# The gritty truth about Iraq



## PMedMoe (27 Jul 2008)

‘Generation Kill’ is a shocking peek into marine life

War is never clean and HBO’s seven-part mini-series Generation Kill (airing on The Movie Network and Movie Cantral in Canada) doesn’t aim to change that fact. As it follows the First Recon Marines of Bravo Company, we’re introduced to the raw and dirty lives of U.S. marines during the 2003 invasion of Iraq.

The series is based on a 2004 book of the same name written by Evan Wright, who was embedded with Bravo Company as it entered Iraq during Operation Iraqi Freedom. It was a spot on the frontlines that Wright pestered the colonel for.

“I harassed him with emails, told him I’d travel light and I could go anywhere, and I wouldn’t be filing everyday so I wouldn’t have to carry tons of equipment. And so they put me with this battalion that was going to go behind enemy lines,” says Wright, who upon reaching base camp convinced First Recon’s commanding officer to let him sit in the lead vehicle of Bravo Company.
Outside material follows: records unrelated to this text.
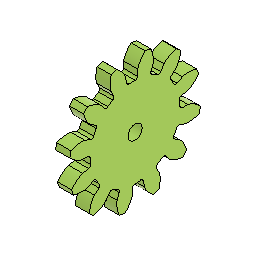
03 Engranaje (para servomotor) (Autodesk Fusion 360 design; units mm, degrees)
Autodesk Fusion 360 part; units mm, degrees
(part 1 of 2)
sketch "Boceto1" plane through (0, 0, 0) normal (0, 0, 1) x (1, 0, 0)
  circle A0 centre (0, 0) radius 9.5
  circle A1 centre (0, 0) radius 0.5
extrude "Extruir1" add sketch "Boceto1" along normal blind 3
sketch "Boceto2" plane through (0, 0, 0) normal (0, 0, 1) x (1, 0, 0)
  spline S0 degree 5 poles (11.1567, -1.6383) (11.1647, -1.6395) (11.1807, -1.6416) (11.2048, -1.6439) (11.237, -1.6456) (11.2774, -1.6458) (11.318, -1.6445) (11.3587, -1.6423) (11.3994, -1.6396) (11.4401, -1.6366) (11.4809, -1.6333) (11.5218, -1.6295) (11.5626, -1.625) (11.6035, -1.6199) (11.6445, -1.614) (11.6854, -1.6075) (11.7264, -1.6005) (11.7674, -1.5929) (11.8084, -1.585) (11.8494, -1.5766) (11.8905, -1.5678) (11.9315, -1.5587) (11.9725, -1.5491) (12.0135, -1.539) (12.0545, -1.5285) (12.0956, -1.5175) (12.1366, -1.5062) (12.1776, -1.4944) (12.2186, -1.4823) (12.2595, -1.4698) (12.3005, -1.4569) (12.3414, -1.4437) (12.3824, -1.4301) (12.4233, -1.4161) (12.4641, -1.4018) (12.505, -1.3871) (12.5458, -1.372) (12.5866, -1.3566) (12.6274, -1.3409) (12.6681, -1.3248) (12.7088, -1.3084) (12.7495, -1.2917) (12.7902, -1.2746) (12.8308, -1.2572) (12.8713, -1.2395) (12.9119, -1.2215) (12.9523, -1.2031) (12.9928, -1.1844) (13.0332, -1.1654) (13.0735, -1.1461) (13.1138, -1.1265) (13.1541, -1.1066) (13.1943, -1.0863) (13.2345, -1.0658) (13.2746, -1.045) (13.3146, -1.0239) (13.3546, -1.0024) (13.3946, -0.9807) (13.4344, -0.9587) (13.4743, -0.9364) (13.514, -0.9138) (13.5538, -0.8909) (13.5934, -0.8678) (13.633, -0.8443) (13.6725, -0.8206) (13.712, -0.7966) (13.7514, -0.7723) (13.7907, -0.7477) (13.8299, -0.7229) (13.8691, -0.6978) (13.9082, -0.6724) (13.9395, -0.6518) (13.9629, -0.6363) (13.9784, -0.6259) (13.9862, -0.6207) knots 0 0 0 0 0 0 0.01428571 0.02857143 0.04285714 0.05714286 0.07142857 0.08571429 0.1 0.11428571 0.12857143 0.14285714 0.15714286 0.17142857 0.18571429 0.2 0.21428571 0.22857143 0.24285714 0.25714286 0.27142857 0.28571429 0.3 0.31428571 0.32857143 0.34285714 0.35714286 0.37142857 0.38571429 0.4 0.41428571 0.42857143 0.44285714 0.45714286 0.47142857 0.48571429 0.5 0.51428571 0.52857143 0.54285714 0.55714286 0.57142857 0.58571429 0.6 0.61428571 0.62857143 0.64285714 0.65714286 0.67142857 0.68571429 0.7 0.71428571 0.72857143 0.74285714 0.75714286 0.77142857 0.78571429 0.8 0.81428571 0.82857143 0.84285714 0.85714286 0.87142857 0.88571429 0.9 0.91428571 0.92857143 0.94285714 0.95714286 0.97142857 0.98571429 1 1 1 1 1 1
  spline S1 degree 5 poles (11.1567, 1.6383) (11.1647, 1.6395) (11.1807, 1.6416) (11.2048, 1.6439) (11.237, 1.6456) (11.2774, 1.6458) (11.318, 1.6445) (11.3587, 1.6423) (11.3994, 1.6396) (11.4401, 1.6366) (11.4809, 1.6333) (11.5218, 1.6295) (11.5626, 1.625) (11.6035, 1.6199) (11.6445, 1.614) (11.6854, 1.6075) (11.7264, 1.6005) (11.7674, 1.5929) (11.8084, 1.585) (11.8494, 1.5766) (11.8905, 1.5678) (11.9315, 1.5587) (11.9725, 1.5491) (12.0135, 1.539) (12.0545, 1.5285) (12.0956, 1.5175) (12.1366, 1.5062) (12.1776, 1.4944) (12.2186, 1.4823) (12.2595, 1.4698) (12.3005, 1.4569) (12.3414, 1.4437) (12.3824, 1.4301) (12.4233, 1.4161) (12.4641, 1.4018) (12.505, 1.3871) (12.5458, 1.372) (12.5866, 1.3566) (12.6274, 1.3409) (12.6681, 1.3248) (12.7088, 1.3084) (12.7495, 1.2917) (12.7902, 1.2746) (12.8308, 1.2572) (12.8713, 1.2395) (12.9119, 1.2215) (12.9523, 1.2031) (12.9928, 1.1844) (13.0332, 1.1654) (13.0735, 1.1461) (13.1138, 1.1265) (13.1541, 1.1066) (13.1943, 1.0863) (13.2345, 1.0658) (13.2746, 1.045) (13.3146, 1.0239) (13.3546, 1.0024) (13.3946, 0.9807) (13.4344, 0.9587) (13.4743, 0.9364) (13.514, 0.9138) (13.5538, 0.8909) (13.5934, 0.8678) (13.633, 0.8443) (13.6725, 0.8206) (13.712, 0.7966) (13.7514, 0.7723) (13.7907, 0.7477) (13.8299, 0.7229) (13.8691, 0.6978) (13.9082, 0.6724) (13.9395, 0.6518) (13.9629, 0.6363) (13.9784, 0.6259) (13.9862, 0.6207) knots 0 0 0 0 0 0 0.01428571 0.02857143 0.04285714 0.05714286 0.07142857 0.08571429 0.1 0.11428571 0.12857143 0.14285714 0.15714286 0.17142857 0.18571429 0.2 0.21428571 0.22857143 0.24285714 0.25714286 0.27142857 0.28571429 0.3 0.31428571 0.32857143 0.34285714 0.35714286 0.37142857 0.38571429 0.4 0.41428571 0.42857143 0.44285714 0.45714286 0.47142857 0.48571429 0.5 0.51428571 0.52857143 0.54285714 0.55714286 0.57142857 0.58571429 0.6 0.61428571 0.62857143 0.64285714 0.65714286 0.67142857 0.68571429 0.7 0.71428571 0.72857143 0.74285714 0.75714286 0.77142857 0.78571429 0.8 0.81428571 0.82857143 0.84285714 0.85714286 0.87142857 0.88571429 0.9 0.91428571 0.92857143 0.94285714 0.95714286 0.97142857 0.98571429 1 1 1 1 1 1
  arc A0 (13.9862, -0.6207) -> (13.9862, 0.6207) centre (0, 0) ccw
  line L0 (9.3893, -1.3802) -> (11.1567, -1.6383)
  line L1 (9.3893, 1.3802) -> (11.1567, 1.6383)
  line L2 (9.3893, -1.3802) -> (9.3893, 1.3802)
  point P0 (11.3527, -1.6425)
  point P1 (11.5515, -1.6261)
  point P2 (11.7521, -1.5957)
  point P3 (11.954, -1.5533)
  point P4 (12.1568, -1.5003)
  point P5 (12.3603, -1.4374)
  point P6 (12.5642, -1.3651)
  point P7 (12.7683, -1.2838)
  point P8 (12.9724, -1.1938)
  point P9 (13.1764, -1.0953)
  point P10 (13.3799, -0.9887)
  point P11 (13.5828, -0.8739)
  point P12 (13.785, -0.7512)
  point P13 (11.3527, 1.6425)
  point P14 (11.5515, 1.6261)
  point P15 (11.7521, 1.5957)
  point P16 (11.954, 1.5533)
  point P17 (12.1568, 1.5003)
  point P18 (12.3603, 1.4374)
  point P19 (12.5642, 1.3651)
  point P20 (12.7683, 1.2838)
  point P21 (12.9724, 1.1938)
  point P22 (13.1764, 1.0953)
  point P23 (13.3799, 0.9887)
  point P24 (13.5828, 0.8739)
  point P25 (13.785, 0.7512)
extrude "Extruir2" add sketch "Boceto2" along normal blind 3
fillet "Empalme1" radius 0.5 2 edges at (9.399, -1.3817, 1.5) (9.399, 1.3817, 1.5)
pattern_circular "Patrón C1" count 12 over 360 about axis through (0, 0, 0) along (0, 0, 1) of "Extruir2", "Empalme1"
sketch "Boceto3" plane through (0, 0, 0) normal (0, 0, 1) x (1, 0, 0)
  circle A0 centre (0, 0) radius 12 construction
move_body "Desplazar1" bodies 1 to x (0.660356, 0.750952, 0) y (-0.750952, 0.660356, 0) z (0, 0, 1) at (0, 0, 0)
move_body "Desplazar2" bodies 1 to x (0, 0, -1) y (0, 1, 0) z (1, 0, 0) at (0, 0, 0)
move_body "Desplazar3" bodies 1 to x (1, 0, 0) y (0, 1, 0) z (0, 0, 1) at (0, 47.5478, 13.9934)
sketch "Boceto4" plane through (0, 0, 0) normal (-1, 0, 0) x (0, -1, 0)
  circle A0 centre (-47.5478, 13.9934) radius 0.5
  arc A1 (-47.0309, 4.0198) -> (-47.5311, 4.4934) centre (-47.5302, 3.9934) ccw
  line L0 (-47.0309, 4.0198) -> (-46.963, 2.7323)
  spline S0 degree 5 poles (-46.963, 2.7323) (-46.9625, 2.7242) (-46.9614, 2.7081) (-46.959, 2.684) (-46.9543, 2.6521) (-46.9465, 2.6124) (-46.9373, 2.5729) (-46.9272, 2.5335) (-46.9166, 2.494) (-46.9056, 2.4547) (-46.8943, 2.4153) (-46.8826, 2.3761) (-46.8702, 2.3369) (-46.8571, 2.2978) (-46.8433, 2.2588) (-46.8289, 2.2199) (-46.8139, 2.1811) (-46.7985, 2.1424) (-46.7826, 2.1037) (-46.7664, 2.0651) (-46.7497, 2.0266) (-46.7327, 1.9882) (-46.7152, 1.9499) (-46.6973, 1.9116) (-46.6789, 1.8735) (-46.6601, 1.8354) (-46.6409, 1.7974) (-46.6213, 1.7595) (-46.6014, 1.7217) (-46.5811, 1.684) (-46.5604, 1.6464) (-46.5394, 1.6088) (-46.5181, 1.5714) (-46.4963, 1.534) (-46.4742, 1.4967) (-46.4518, 1.4596) (-46.429, 1.4225) (-46.4059, 1.3855) (-46.3825, 1.3486) (-46.3587, 1.3118) (-46.3346, 1.2751) (-46.3102, 1.2385) (-46.2855, 1.202) (-46.2605, 1.1656) (-46.2351, 1.1294) (-46.2095, 1.0932) (-46.1835, 1.0571) (-46.1573, 1.0211) (-46.1307, 0.9852) (-46.1039, 0.9494) (-46.0767, 0.9138) (-46.0493, 0.8782) (-46.0215, 0.8428) (-45.9935, 0.8074) (-45.9652, 0.7722) (-45.9366, 0.7371) (-45.9078, 0.702) (-45.8786, 0.6671) (-45.8492, 0.6324) (-45.8195, 0.5977) (-45.7896, 0.5631) (-45.7593, 0.5287) (-45.7288, 0.4944) (-45.698, 0.4601) (-45.667, 0.4261) (-45.6357, 0.3921) (-45.6042, 0.3582) (-45.5724, 0.3245) (-45.5403, 0.2909) (-45.508, 0.2574) (-45.4754, 0.224) (-45.4491, 0.1974) (-45.4293, 0.1776) (-45.416, 0.1643) (-45.4094, 0.1577) knots 0 0 0 0 0 0 0.01428571 0.02857143 0.04285714 0.05714286 0.07142857 0.08571429 0.1 0.11428571 0.12857143 0.14285714 0.15714286 0.17142857 0.18571429 0.2 0.21428571 0.22857143 0.24285714 0.25714286 0.27142857 0.28571429 0.3 0.31428571 0.32857143 0.34285714 0.35714286 0.37142857 0.38571429 0.4 0.41428571 0.42857143 0.44285714 0.45714286 0.47142857 0.48571429 0.5 0.51428571 0.52857143 0.54285714 0.55714286 0.57142857 0.58571429 0.6 0.61428571 0.62857143 0.64285714 0.65714286 0.67142857 0.68571429 0.7 0.71428571 0.72857143 0.74285714 0.75714286 0.77142857 0.78571429 0.8 0.81428571 0.82857143 0.84285714 0.85714286 0.87142857 0.88571429 0.9 0.91428571 0.92857143 0.94285714 0.95714286 0.97142857 0.98571429 1 1 1 1 1 1
  arc A2 (-45.4094, 0.1577) -> (-44.1922, 0.4015) centre (-47.5478, 13.9934) ccw
  spline S1 degree 5 poles (-43.7502, 3.3759) (-43.7474, 3.3682) (-43.7423, 3.3529) (-43.7352, 3.3298) (-43.7272, 3.2985) (-43.7191, 3.2589) (-43.7124, 3.2189) (-43.7066, 3.1786) (-43.7012, 3.1381) (-43.6961, 3.0976) (-43.6914, 3.0569) (-43.6871, 3.0161) (-43.6834, 2.9752) (-43.6805, 2.9341) (-43.6782, 2.8928) (-43.6765, 2.8513) (-43.6754, 2.8098) (-43.6747, 2.7681) (-43.6745, 2.7263) (-43.6746, 2.6845) (-43.6751, 2.6425) (-43.6761, 2.6005) (-43.6774, 2.5584) (-43.6792, 2.5162) (-43.6815, 2.4739) (-43.6842, 2.4315) (-43.6873, 2.3891) (-43.6907, 2.3466) (-43.6946, 2.304) (-43.6988, 2.2614) (-43.7033, 2.2187) (-43.7083, 2.1759) (-43.7136, 2.1331) (-43.7192, 2.0903) (-43.7253, 2.0474) (-43.7317, 2.0044) (-43.7384, 1.9614) (-43.7455, 1.9184) (-43.7529, 1.8753) (-43.7606, 1.8322) (-43.7687, 1.7891) (-43.7772, 1.7459) (-43.7859, 1.7027) (-43.795, 1.6595) (-43.8044, 1.6163) (-43.8142, 1.573) (-43.8242, 1.5297) (-43.8346, 1.4864) (-43.8453, 1.443) (-43.8563, 1.3997) (-43.8676, 1.3563) (-43.8792, 1.3129) (-43.8912, 1.2695) (-43.9034, 1.2261) (-43.9159, 1.1827) (-43.9288, 1.1392) (-43.9419, 1.0958) (-43.9554, 1.0524) (-43.9691, 1.009) (-43.9832, 0.9655) (-43.9975, 0.9221) (-44.0122, 0.8787) (-44.0271, 0.8352) (-44.0423, 0.7918) (-44.0578, 0.7484) (-44.0736, 0.705) (-44.0897, 0.6616) (-44.1061, 0.6182) (-44.1227, 0.5748) (-44.1396, 0.5315) (-44.1569, 0.4882) (-44.1708, 0.4535) (-44.1815, 0.4275) (-44.1886, 0.4102) (-44.1922, 0.4015) knots 0 0 0 0 0 0 0.01428571 0.02857143 0.04285714 0.05714286 0.07142857 0.08571429 0.1 0.11428571 0.12857143 0.14285714 0.15714286 0.17142857 0.18571429 0.2 0.21428571 0.22857143 0.24285714 0.25714286 0.27142857 0.28571429 0.3 0.31428571 0.32857143 0.34285714 0.35714286 0.37142857 0.38571429 0.4 0.41428571 0.42857143 0.44285714 0.45714286 0.47142857 0.48571429 0.5 0.51428571 0.52857143 0.54285714 0.55714286 0.57142857 0.58571429 0.6 0.61428571 0.62857143 0.64285714 0.65714286 0.67142857 0.68571429 0.7 0.71428571 0.72857143 0.74285714 0.75714286 0.77142857 0.78571429 0.8 0.81428571 0.82857143 0.84285714 0.85714286 0.87142857 0.88571429 0.9 0.91428571 0.92857143 0.94285714 0.95714286 0.97142857 0.98571429 1 1 1 1 1 1
  line L1 (-43.7502, 3.3759) -> (-44.1834, 4.5902)
  arc A3 (-43.9042, 5.2199) -> (-44.1834, 4.5902) centre (-43.7125, 4.7582) ccw
  arc A4 (-43.9042, 5.2199) -> (-42.7833, 5.7746) centre (-47.5478, 13.9934) ccw
  arc A5 (-42.1133, 5.6145) -> (-42.7833, 5.7746) centre (-42.5325, 5.342) ccw
  line L2 (-42.1133, 5.6145) -> (-41.4107, 4.5334)
  spline S2 degree 5 poles (-41.4107, 4.5334) (-41.4063, 4.5267) (-41.3973, 4.5133) (-41.3832, 4.4936) (-41.3632, 4.4683) (-41.3366, 4.4378) (-41.3088, 4.4082) (-41.2803, 4.3791) (-41.2515, 4.3503) (-41.2223, 4.3217) (-41.1928, 4.2933) (-41.163, 4.2651) (-41.1327, 4.2374) (-41.1018, 4.21) (-41.0704, 4.1832) (-41.0385, 4.1567) (-41.0061, 4.1306) (-40.9733, 4.1048) (-40.9403, 4.0792) (-40.9069, 4.0539) (-40.8733, 4.0289) (-40.8393, 4.0042) (-40.805, 3.9797) (-40.7703, 3.9556) (-40.7353, 3.9317) (-40.7, 3.9081) (-40.6644, 3.8848) (-40.6285, 3.8618) (-40.5923, 3.839) (-40.5559, 3.8165) (-40.5192, 3.7942) (-40.4822, 3.7722) (-40.445, 3.7505) (-40.4075, 3.729) (-40.3697, 3.7078) (-40.3317, 3.6868) (-40.2934, 3.6661) (-40.2549, 3.6456) (-40.2162, 3.6254) (-40.1772, 3.6054) (-40.138, 3.5857) (-40.0986, 3.5662) (-40.0589, 3.5469) (-40.0191, 3.5279) (-39.979, 3.5092) (-39.9387, 3.4906) (-39.8981, 3.4724) (-39.8574, 3.4543) (-39.8165, 3.4365) (-39.7753, 3.419) (-39.734, 3.4017) (-39.6924, 3.3846) (-39.6507, 3.3678) (-39.6087, 3.3512) (-39.5666, 3.3348) (-39.5243, 3.3187) (-39.4818, 3.3028) (-39.4391, 3.2871) (-39.3962, 3.2717) (-39.3532, 3.2565) (-39.31, 3.2416) (-39.2666, 3.2269) (-39.223, 3.2124) (-39.1792, 3.1981) (-39.1353, 3.1841) (-39.0912, 3.1704) (-39.047, 3.1568) (-39.0026, 3.1435) (-38.958, 3.1304) (-38.9132, 3.1176) (-38.8683, 3.105) (-38.8323, 3.0951) (-38.8052, 3.0878) (-38.7871, 3.083) (-38.778, 3.0806) knots 0 0 0 0 0 0 0.01428571 0.02857143 0.04285714 0.05714286 0.07142857 0.08571429 0.1 0.11428571 0.12857143 0.14285714 0.15714286 0.17142857 0.18571429 0.2 0.21428571 0.22857143 0.24285714 0.25714286 0.27142857 0.28571429 0.3 0.31428571 0.32857143 0.34285714 0.35714286 0.37142857 0.38571429 0.4 0.41428571 0.42857143 0.44285714 0.45714286 0.47142857 0.48571429 0.5 0.51428571 0.52857143 0.54285714 0.55714286 0.57142857 0.58571429 0.6 0.61428571 0.62857143 0.64285714 0.65714286 0.67142857 0.68571429 0.7 0.71428571 0.72857143 0.74285714 0.75714286 0.77142857 0.78571429 0.8 0.81428571 0.82857143 0.84285714 0.85714286 0.87142857 0.88571429 0.9 0.91428571 0.92857143 0.94285714 0.95714286 0.97142857 0.98571429 1 1 1 1 1 1
  arc A6 (-38.778, 3.0806) -> (-37.8458, 3.9003) centre (-47.5478, 13.9934) ccw
  spline S3 degree 5 poles (-38.9502, 6.6972) (-38.944, 6.6919) (-38.9319, 6.6813) (-38.9142, 6.6648) (-38.8916, 6.6417) (-38.8648, 6.6114) (-38.839, 6.5801) (-38.8138, 6.5481) (-38.7889, 6.5158) (-38.7642, 6.4832) (-38.7398, 6.4503) (-38.7157, 6.4172) (-38.6921, 6.3835) (-38.6689, 6.3494) (-38.6463, 6.3148) (-38.6241, 6.2798) (-38.6023, 6.2443) (-38.5809, 6.2086) (-38.5598, 6.1725) (-38.539, 6.1362) (-38.5185, 6.0996) (-38.4983, 6.0627) (-38.4784, 6.0256) (-38.4589, 5.9881) (-38.4397, 5.9504) (-38.4209, 5.9123) (-38.4023, 5.874) (-38.384, 5.8355) (-38.3661, 5.7967) (-38.3484, 5.7577) (-38.331, 5.7184) (-38.3139, 5.6789) (-38.2971, 5.6392) (-38.2806, 5.5993) (-38.2644, 5.5591) (-38.2484, 5.5187) (-38.2328, 5.4781) (-38.2174, 5.4373) (-38.2023, 5.3963) (-38.1874, 5.3551) (-38.1729, 5.3137) (-38.1586, 5.2721) (-38.1446, 5.2303) (-38.1308, 5.1884) (-38.1174, 5.1462) (-38.1041, 5.1038) (-38.0912, 5.0613) (-38.0785, 5.0186) (-38.0661, 4.9757) (-38.054, 4.9327) (-38.0421, 4.8895) (-38.0305, 4.8461) (-38.0191, 4.8025) (-38.008, 4.7588) (-37.9971, 4.7149) (-37.9866, 4.6709) (-37.9762, 4.6267) (-37.9662, 4.5824) (-37.9564, 4.5379) (-37.9468, 4.4932) (-37.9375, 4.4485) (-37.9285, 4.4035) (-37.9197, 4.3585) (-37.9111, 4.3132) (-37.9029, 4.2679) (-37.8948, 4.2224) (-37.8871, 4.1768) (-37.8796, 4.131) (-37.8723, 4.0852) (-37.8653, 4.0391) (-37.8585, 3.993) (-37.8533, 3.956) (-37.8495, 3.9282) (-37.847, 3.9096) (-37.8458, 3.9003) knots 0 0 0 0 0 0 0.01428571 0.02857143 0.04285714 0.05714286 0.07142857 0.08571429 0.1 0.11428571 0.12857143 0.14285714 0.15714286 0.17142857 0.18571429 0.2 0.21428571 0.22857143 0.24285714 0.25714286 0.27142857 0.28571429 0.3 0.31428571 0.32857143 0.34285714 0.35714286 0.37142857 0.38571429 0.4 0.41428571 0.42857143 0.44285714 0.45714286 0.47142857 0.48571429 0.5 0.51428571 0.52857143 0.54285714 0.55714286 0.57142857 0.58571429 0.6 0.61428571 0.62857143 0.64285714 0.65714286 0.67142857 0.68571429 0.7 0.71428571 0.72857143 0.74285714 0.75714286 0.77142857 0.78571429 0.8 0.81428571 0.82857143 0.84285714 0.85714286 0.87142857 0.88571429 0.9 0.91428571 0.92857143 0.94285714 0.95714286 0.97142857 0.98571429 1 1 1 1 1 1
  line L3 (-38.9502, 6.6972) -> (-39.9325, 7.5322)
  arc A7 (-40.0056, 8.2172) -> (-39.9325, 7.5322) centre (-39.6087, 7.9131) ccw
  arc A8 (-40.0056, 8.2172) -> (-39.3122, 9.258) centre (-47.5478, 13.9934) ccw
  arc A9 (-38.6519, 9.4543) -> (-39.3122, 9.258) centre (-38.8788, 9.0087) ccw
  line L4 (-38.6519, 9.4543) -> (-37.503, 8.8694)
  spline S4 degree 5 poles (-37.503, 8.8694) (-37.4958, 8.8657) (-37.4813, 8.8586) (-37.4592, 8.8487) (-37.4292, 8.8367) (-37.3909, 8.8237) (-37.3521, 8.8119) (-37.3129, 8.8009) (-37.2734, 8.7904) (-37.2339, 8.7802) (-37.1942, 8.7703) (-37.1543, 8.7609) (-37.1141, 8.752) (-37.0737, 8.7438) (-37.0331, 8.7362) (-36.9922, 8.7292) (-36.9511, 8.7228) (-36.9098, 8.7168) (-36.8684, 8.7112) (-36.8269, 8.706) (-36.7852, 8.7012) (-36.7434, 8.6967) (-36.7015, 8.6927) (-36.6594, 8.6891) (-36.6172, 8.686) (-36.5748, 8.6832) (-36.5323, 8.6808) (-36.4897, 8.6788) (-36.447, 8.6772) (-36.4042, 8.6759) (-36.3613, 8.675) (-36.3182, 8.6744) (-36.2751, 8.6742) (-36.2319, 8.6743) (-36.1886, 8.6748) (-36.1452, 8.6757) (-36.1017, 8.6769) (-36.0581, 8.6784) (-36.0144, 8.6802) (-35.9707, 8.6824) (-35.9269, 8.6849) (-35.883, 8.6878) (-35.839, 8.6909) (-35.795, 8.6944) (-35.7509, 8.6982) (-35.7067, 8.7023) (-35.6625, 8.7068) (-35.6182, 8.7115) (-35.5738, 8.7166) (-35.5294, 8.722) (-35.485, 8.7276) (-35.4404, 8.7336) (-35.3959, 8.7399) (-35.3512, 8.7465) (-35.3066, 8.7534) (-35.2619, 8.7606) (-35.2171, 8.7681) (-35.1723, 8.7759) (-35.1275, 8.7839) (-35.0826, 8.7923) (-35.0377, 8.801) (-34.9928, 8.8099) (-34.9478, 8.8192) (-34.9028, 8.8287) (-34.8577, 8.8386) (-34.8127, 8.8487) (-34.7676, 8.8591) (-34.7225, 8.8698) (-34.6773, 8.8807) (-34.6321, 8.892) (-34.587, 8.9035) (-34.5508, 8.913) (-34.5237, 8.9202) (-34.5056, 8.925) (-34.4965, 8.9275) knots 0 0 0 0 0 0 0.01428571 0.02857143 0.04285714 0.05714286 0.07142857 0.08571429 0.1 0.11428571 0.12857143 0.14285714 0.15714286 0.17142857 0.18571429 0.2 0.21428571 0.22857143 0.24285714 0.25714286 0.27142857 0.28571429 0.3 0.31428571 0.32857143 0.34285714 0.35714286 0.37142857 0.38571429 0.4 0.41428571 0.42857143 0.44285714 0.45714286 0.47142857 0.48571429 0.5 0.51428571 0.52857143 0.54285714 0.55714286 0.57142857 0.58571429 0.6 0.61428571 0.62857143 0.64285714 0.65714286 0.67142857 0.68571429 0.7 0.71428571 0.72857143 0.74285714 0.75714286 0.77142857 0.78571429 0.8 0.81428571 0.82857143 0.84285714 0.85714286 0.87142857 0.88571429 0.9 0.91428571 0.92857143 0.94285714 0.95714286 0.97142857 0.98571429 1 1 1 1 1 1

From that seat Wright was able to witness the good and bad. He says that though the marines with whom he was stationed could be vulgar, arrogant and rude in their free time, they could also be human and civil.

More on link

The third instalment of Generation Kill airs Sun., July 27 at 9 p.m. ET on The Movie Network and 8 p.m. PT on Movie Central. The remaining episodes air on subsequent Sundays.


----------



## justin.c (27 Jul 2008)

So far I think this is an excellent show. After watching the first two episodes I was prompted to pick up the book. It was a really good read, and reccommend it to anyone who has enjoyed the show.


----------



## daftandbarmy (28 Jul 2008)

The Sgt Major's the best. Accurate right down to the profuse spittle release whilst chewing out the line doggies.


----------



## aesop081 (28 Jul 2008)

Hour of my life i'll never get back.......urghh


----------



## traviss-g (28 Jul 2008)

Yea, I have watched the first two episodes so far, I missed the newest one I was out rock climbing in new york. One of the characters, sgt. Rudy Reyes, is played by the actual marine sergeant Rudy Reyes.


----------



## 1feral1 (28 Jul 2008)

Hello and greetings to fellow harmonious members and guests.

This sounds like a good mini series, and I await it to air in Australia on FOXTEL.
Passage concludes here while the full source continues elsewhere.